TASK DESCRIPTION: The lines to be set down run from the line containing "[picture b1top: board" through the final line of the data below; print them exactly and print nothing else.

——————————

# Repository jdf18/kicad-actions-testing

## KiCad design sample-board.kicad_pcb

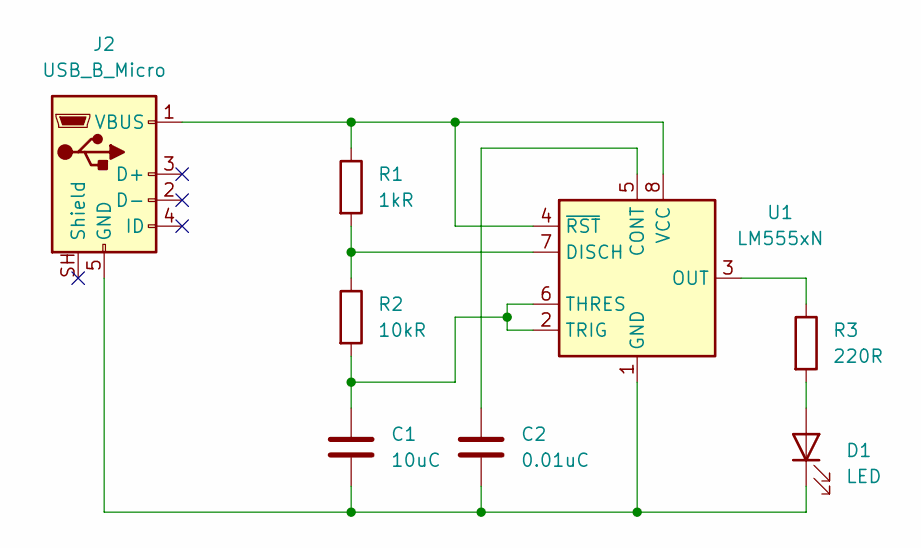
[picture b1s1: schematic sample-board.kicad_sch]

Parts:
C1: 10uC; C_Disc_D5.0mm_W2.5mm_P2.50mm
C2: 0.01uC; C_Disc_D5.0mm_W2.5mm_P2.50mm
D1: LED; LED_D3.0mm
J2: USB_B_Micro; USB_Micro-AB_Molex_47590-0001
R1: 1kR; R_Axial_DIN0207_L6.3mm_D2.5mm_P2.54mm_Vertical
R2: 10kR; R_Axial_DIN0207_L6.3mm_D2.5mm_P2.54mm_Vertical
R3: 220R; R_Axial_DIN0207_L6.3mm_D2.5mm_P2.54mm_Vertical
U1: LM555xN; DIP-8_W7.62mm

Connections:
unnamed: D1.2 (A), R3.2
unnamed 1: C1.2, C2.2, D1.1 (K), J2.5 (GND), U1.1 (GND); also elsewhere on the board
unnamed 2: J2.1 (VBUS), R1.1, U1.4 (~RST), U1.8 (VCC); also elsewhere on the board
unnamed: C2.1, U1.5 (CONT)
unnamed: R1.2, R2.1, U1.7 (DISCH)
unnamed: R3.1, U1.3 (OUT)
unnamed: C1.1, R2.2, U1.2 (TRIG), U1.6 (THRES)

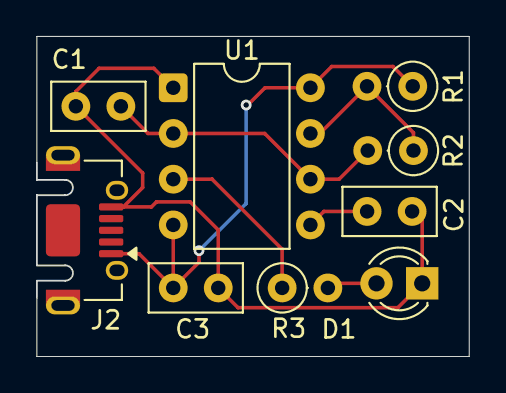
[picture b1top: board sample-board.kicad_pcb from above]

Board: 2 copper layers, 24.0 x 17.7 mm, 9 parts (0 on the bottom side), 7 nets.

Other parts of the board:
C3: 10uC; C_Disc_D5.0mm_W2.5mm_P2.50mm

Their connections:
unnamed 1: C3.2; also elsewhere on the board
unnamed 2: C3.1; also elsewhere on the board

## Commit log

2026-05-17 Test board: LED Blinker
2026-05-17 Add readme
2026-05-17 fixing board names
2026-05-17 Modifying silkscreen positions
2026-05-17 Updating badge urls
2026-05-17 Print errors to console
2026-05-17 Moving silkscreen again
2026-05-17 Adding missing trace
2026-05-17 Release workflow
2026-05-17 Update release.yml permissions
2026-05-17 More release assets
2026-05-17 Fixing errors/warnings
2026-05-17 Updating images to png so supported by markdown
2026-05-17 Fixing output options
2026-05-17 schematic svg to png conversion
2026-05-17 Fixing again
2026-05-17 Adding page numbers
2026-05-18 Hopefully this works now
2026-05-18 Adding links on release page

——————————

SOLUTION FOR THIS EXERCISE:
[picture b1top: board sample-board.kicad_pcb from above]

Board: 2 copper layers, 24.0 x 17.7 mm, 9 parts (0 on the bottom side), 7 nets.

Other parts of the board:
C3: 10uC; C_Disc_D5.0mm_W2.5mm_P2.50mm

Their connections:
unnamed 1: C3.2; also elsewhere on the board
unnamed 2: C3.1; also elsewhere on the board

## Commit log

2026-05-17 Test board: LED Blinker
2026-05-17 Add readme
2026-05-17 fixing board names
2026-05-17 Modifying silkscreen positions
2026-05-17 Updating badge urls
2026-05-17 Print errors to console
2026-05-17 Moving silkscreen again
2026-05-17 Adding missing trace
2026-05-17 Release workflow
2026-05-17 Update release.yml permissions
2026-05-17 More release assets
2026-05-17 Fixing errors/warnings
2026-05-17 Updating images to png so supported by markdown
2026-05-17 Fixing output options
2026-05-17 schematic svg to png conversion
2026-05-17 Fixing again
2026-05-17 Adding page numbers
2026-05-18 Hopefully this works now
2026-05-18 Adding links on release page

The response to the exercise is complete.